Once we have found the right number of latent variables we re-use this number to calculate our final model. Before we do this using all data (no CV) we want to look at the predicted versus known pectin yield plot below. As you can see our model predicts pectin yield quite well with a mean squared error of 0.0002 \(g^2\).

[8]:
mbpls = MBPLS(n_components=3, method='NIPALS')
prediction = cross_val_predict(mbpls, ftir, yield_all, cv=len(ftir))
prediction = pd.DataFrame(prediction)
yield_all = pd.DataFrame(np.array(yield_all))
prediction = pd.concat((prediction, yield_all), axis=1)
prediction.columns=['predicted yield [g]', 'known yield [g]']
prediction.plot.scatter(x='known yield [g]', y='predicted yield [g]')
plt.plot([prediction.min().min(), prediction.max().max()],
         [prediction.min().min(), prediction.max().max()], color='red')
plt.ylabel(prediction.columns[0], fontsize=16)
plt.xlabel(prediction.columns[1], fontsize=16)
plt.title('MSE = {:.6f} $g^2$'.format(mean_squared_error(prediction['known yield [g]'],
                                    prediction['predicted yield [g]'])),fontsize=18);
../../_images/examples_real_world_applications_FTIR_PLS_12_0.png

Calculate final model and look at regression vector \(\boldsymbol{\beta}\)

Now we have validated our model and we are ready to calculate the final model using all available samples.
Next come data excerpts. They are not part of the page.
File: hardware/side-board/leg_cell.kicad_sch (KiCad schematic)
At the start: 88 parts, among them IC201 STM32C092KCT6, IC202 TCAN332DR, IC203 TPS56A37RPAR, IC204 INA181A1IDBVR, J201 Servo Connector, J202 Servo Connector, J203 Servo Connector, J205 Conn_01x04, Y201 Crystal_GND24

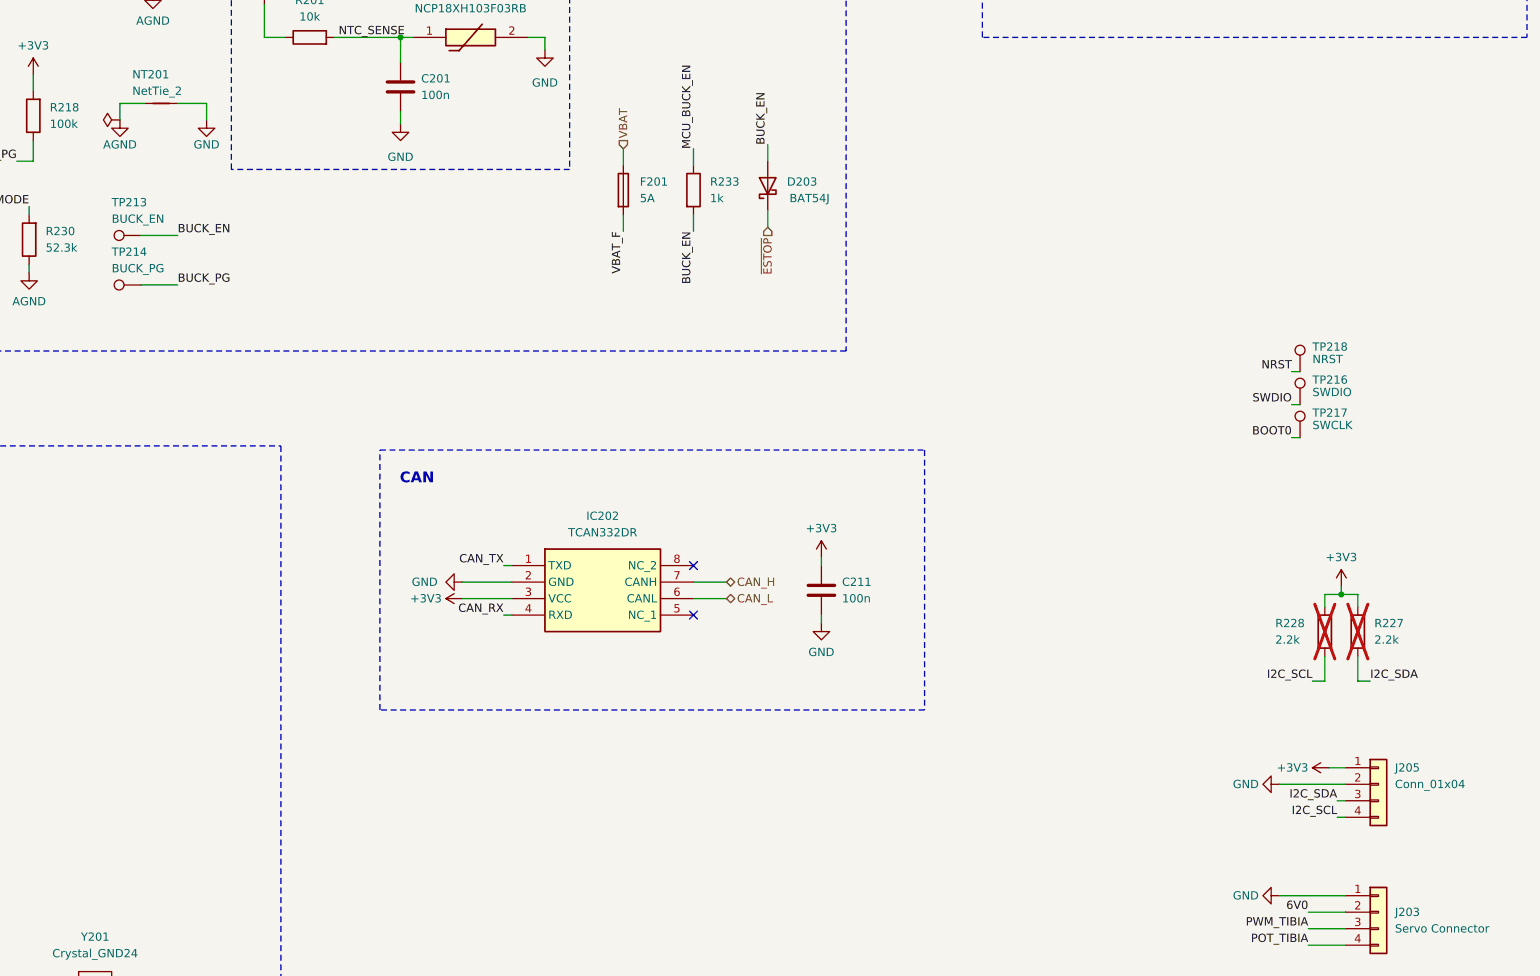
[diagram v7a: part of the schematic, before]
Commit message: Compacted sideboard further
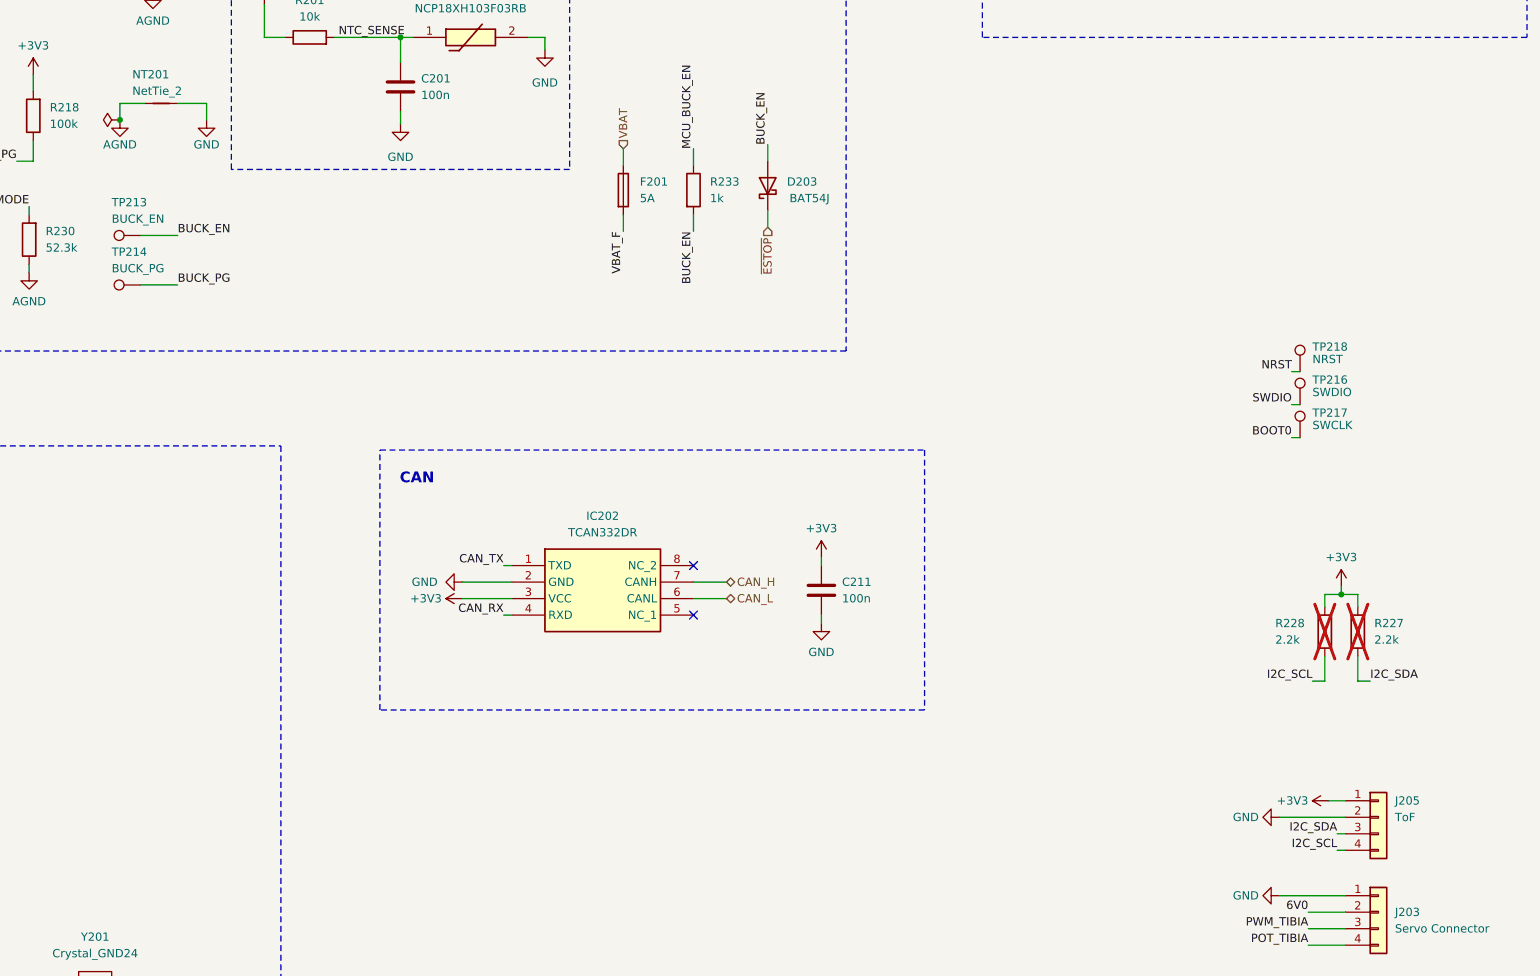
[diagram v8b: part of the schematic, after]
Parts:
- J201, J202, J203: footprint Connector_JST:JST_XH_B4B-XH-A_1x04_P2.50mm_Vertical -> vector:PinHeader_1x04_P2.54mm_Vertical_Tile
- J205: value Conn_01x04 -> ToF; footprint Connector_JST:JST_XH_B4B-XH-A_1x04_P2.50mm_Vertical -> vector:PinHeader_1x04_P2.54mm_Vertical_Tile
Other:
- moved on the sheet: J205
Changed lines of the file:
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@@
 	)
 	(junction
+		(at 184.15 86.36)
+		(diameter 0)
+		(color 0 0 0 0)
+	)
+	(junction
 		(at 260.35 43.18)
 		(diameter 0)
@@
 	)
 	(no_connect
-		(at 76.2 39.37)
+		(at 272.415 162.56)
 	)
 	(no_connect
@@
 	)
 	(no_connect
-		(at 272.415 162.56)
+		(at 272.415 154.94)
 	)
 	(no_connect
-		(at 272.415 154.94)
+		(at 76.2 39.37)
 	)
 	(wire
@@
 	(wire
 		(pts
-			(xy 362.585 188.595) (xy 372.745 188.595)
+			(xy 362.585 193.675) (xy 372.745 193.675)
 		)
 		(stroke
@@
 	(wire
 		(pts
-			(xy 371.475 193.675) (xy 372.745 193.675)
+			(xy 371.475 198.755) (xy 372.745 198.755)
 		)
 		(stroke
@@
 	(wire
 		(pts
-			(xy 370.205 186.055) (xy 372.745 186.055)
+			(xy 370.205 191.135) (xy 372.745 191.135)
 		)
 		(stroke
@@
 	(wire
 		(pts
-			(xy 371.475 191.135) (xy 372.745 191.135)
+			(xy 371.475 196.215) (xy 372.745 196.215)
 		)
 		(stroke
@@
 	)
 	(label "I2C_SCL"
-		(at 371.475 193.675 180)
+		(at 371.475 198.755 180)
 		(effects
 			(font
@@
 	)
 	(label "I2C_SDA"
-		(at 371.475 191.135 180)
+		(at 371.475 196.215 180)
 		(effects
 			(font
@@
 	(symbol
 		(lib_id "Connector_Generic:Conn_01x04")
-		(at 377.825 188.595 0)
+		(at 377.825 193.675 0)
 		(unit 1)
 		(body_style 1)
@@
 		(fields_autoplaced yes)
 		(property "Reference" "J205"
-			(at 380.365 186.0549 0)
+			(at 380.365 191.1349 0)
 			(show_name no)
 			(do_not_autoplace no)
@@
 			)
 		)
-		(property "Value" "Conn_01x04"
-			(at 380.365 188.5949 0)
+		(property "Value" "ToF"
+			(at 380.365 193.6749 0)
 			(show_name no)
 			(do_not_autoplace no)
@@
 			)
 		)
-		(property "Footprint" "Connector_JST:JST_XH_B4B-XH-A_1x04_P2.50mm_Vertical"
-			(at 377.825 188.595 0)
+		(property "Footprint" "vector:PinHeader_1x04_P2.54mm_Vertical_Tile"
+			(at 377.825 193.675 0)
 			(hide yes)
 			(show_name no)
@@
 		)
 		(property "Datasheet" ""
-			(at 377.825 188.595 0)
+			(at 377.825 193.675 0)
 			(hide yes)
 			(show_name no)
@@
 		)
 		(property "Description" "Generic connector, single row, 01x04, script generated (kicad-library-utils/schlib/autogen/connector/)"
-			(at 377.825 188.595 0)
+			(at 377.825 193.675 0)
 			(hide yes)
 			(show_name no)
@@
 	(symbol
 		(lib_id "power:GND")
-		(at 362.585 188.595 270)
+		(at 362.585 193.675 270)
 		(unit 1)
 		(body_style 1)
@@
 		(fields_autoplaced yes)
 		(property "Reference" "#PWR0224"
-			(at 356.235 188.595 0)
+			(at 356.235 193.675 0)
 			(hide yes)
 			(show_name no)
@@
 		)
 		(property "Value" "GND"
-			(at 359.41 188.5949 90)
+			(at 359.41 193.6749 90)
 			(show_name no)
 			(do_not_autoplace no)
@@
 		)
 		(property "Footprint" ""
-			(at 362.585 188.595 0)
+			(at 362.585 193.675 0)
 			(hide yes)
 			(show_name no)
@@
 		)
 		(property "Datasheet" ""
-			(at 362.585 188.595 0)
+			(at 362.585 193.675 0)
 			(hide yes)
 			(show_name no)
@@
 		)
 		(property "Description" "Power symbol creates a global label with name \"GND\" , ground"
-			(at 362.585 188.595 0)
+			(at 362.585 193.675 0)
 			(hide yes)
 			(show_name no)
@@
 			)
 		)
-		(property "Footprint" "Connector_JST:JST_XH_B4B-XH-A_1x04_P2.50mm_Vertical"
+		(property "Footprint" "vector:PinHeader_1x04_P2.54mm_Vertical_Tile"
 			(at 377.825 208.28 0)
 			(hide yes)
@@
 			)
 		)
-		(property "Footprint" "Connector_JST:JST_XH_B4B-XH-A_1x04_P2.50mm_Vertical"
+		(property "Footprint" "vector:PinHeader_1x04_P2.54mm_Vertical_Tile"
 			(at 377.825 237.49 0)
 			(hide yes)
@@
 	(symbol
 		(lib_id "power:+3V3")
-		(at 370.205 186.055 90)
+		(at 370.205 191.135 90)
 		(unit 1)
 		(body_style 1)
@@
 		(fields_autoplaced yes)
 		(property "Reference" "#PWR0225"
-			(at 374.015 186.055 0)
+			(at 374.015 191.135 0)
 			(hide yes)
 			(show_name no)
@@
 		)
 		(property "Value" "+3V3"
-			(at 367.03 186.0549 90)
+			(at 367.03 191.1349 90)
 			(show_name no)
 			(do_not_autoplace no)
@@
 		)
 		(property "Footprint" ""
-			(at 370.205 186.055 0)
+			(at 370.205 191.135 0)
 			(hide yes)
 			(show_name no)
@@
 		)
 		(property "Datasheet" ""
-			(at 370.205 186.055 0)
+			(at 370.205 191.135 0)
 			(hide yes)
 			(show_name no)
@@
 		)
 		(property "Description" "Power symbol creates a global label with name \"+3V3\""
-			(at 370.205 186.055 0)
+			(at 370.205 191.135 0)
 			(hide yes)
 			(show_name no)
@@
 			)
 		)
-		(property "Footprint" "Connector_JST:JST_XH_B4B-XH-A_1x04_P2.50mm_Vertical"
+		(property "Footprint" "vector:PinHeader_1x04_P2.54mm_Vertical_Tile"
 			(at 377.825 222.885 0)
 			(hide yes)

After doing so we can plot the regression vector \(\boldsymbol{\beta}\) and use it to pedict the pectin yield of future samples of similar type. To compare \(\boldsymbol{\beta}\) to the actual spectral patterns in the data, we have plotted it below together with the extraction 1 samples. It is easy to conclude which wavenumbers have positiv impact on pectin yield and vice versa. Of course, one could also compare \(\boldsymbol{\beta}\) to the spectra of extractions 2 and 3. This can be done by replacing \(\texttt{ftir1}\) with \(\texttt{ftir2}\) or \(\texttt{ftir3}\) in the code below. Note, that the regression vector \(\boldsymbol{\beta}\) is applied to standardized data (standardization is enabled by default).

[9]:
import seaborn as sns
mbpls = MBPLS(n_components=5)
mbpls.fit_transform(ftir, yield_all)
fig, ax = plt.subplots(nrows=2, figsize=(10,6))
sns.barplot(x=ftir.columns, y=mbpls.beta_[:,0], ax=ax[0])
ax[0].set_title('regression vector $\\beta$', fontsize=18)
ax[0].set_xlabel('wavenumber $[cm^{-1}]$', fontsize=16)
ax[0].set_ylabel('amplitude', fontsize=16)
ax[0].axes.xaxis.set_ticklabels([])
plot_spectra(ftir1, ax[1], 'Extraction 1\n(for reference)')
ax[1].set_xlim([wavenumbers.min(), wavenumbers.max()]);
../../_images/examples_real_world_applications_FTIR_PLS_14_0.png

References

[1] Baum, Andreas, et al. “Prediction of pectin yield and quality by FTIR and carbohydrate microarray analysis.” Food and Bioprocess Technology 10.1 (2017): 143-154.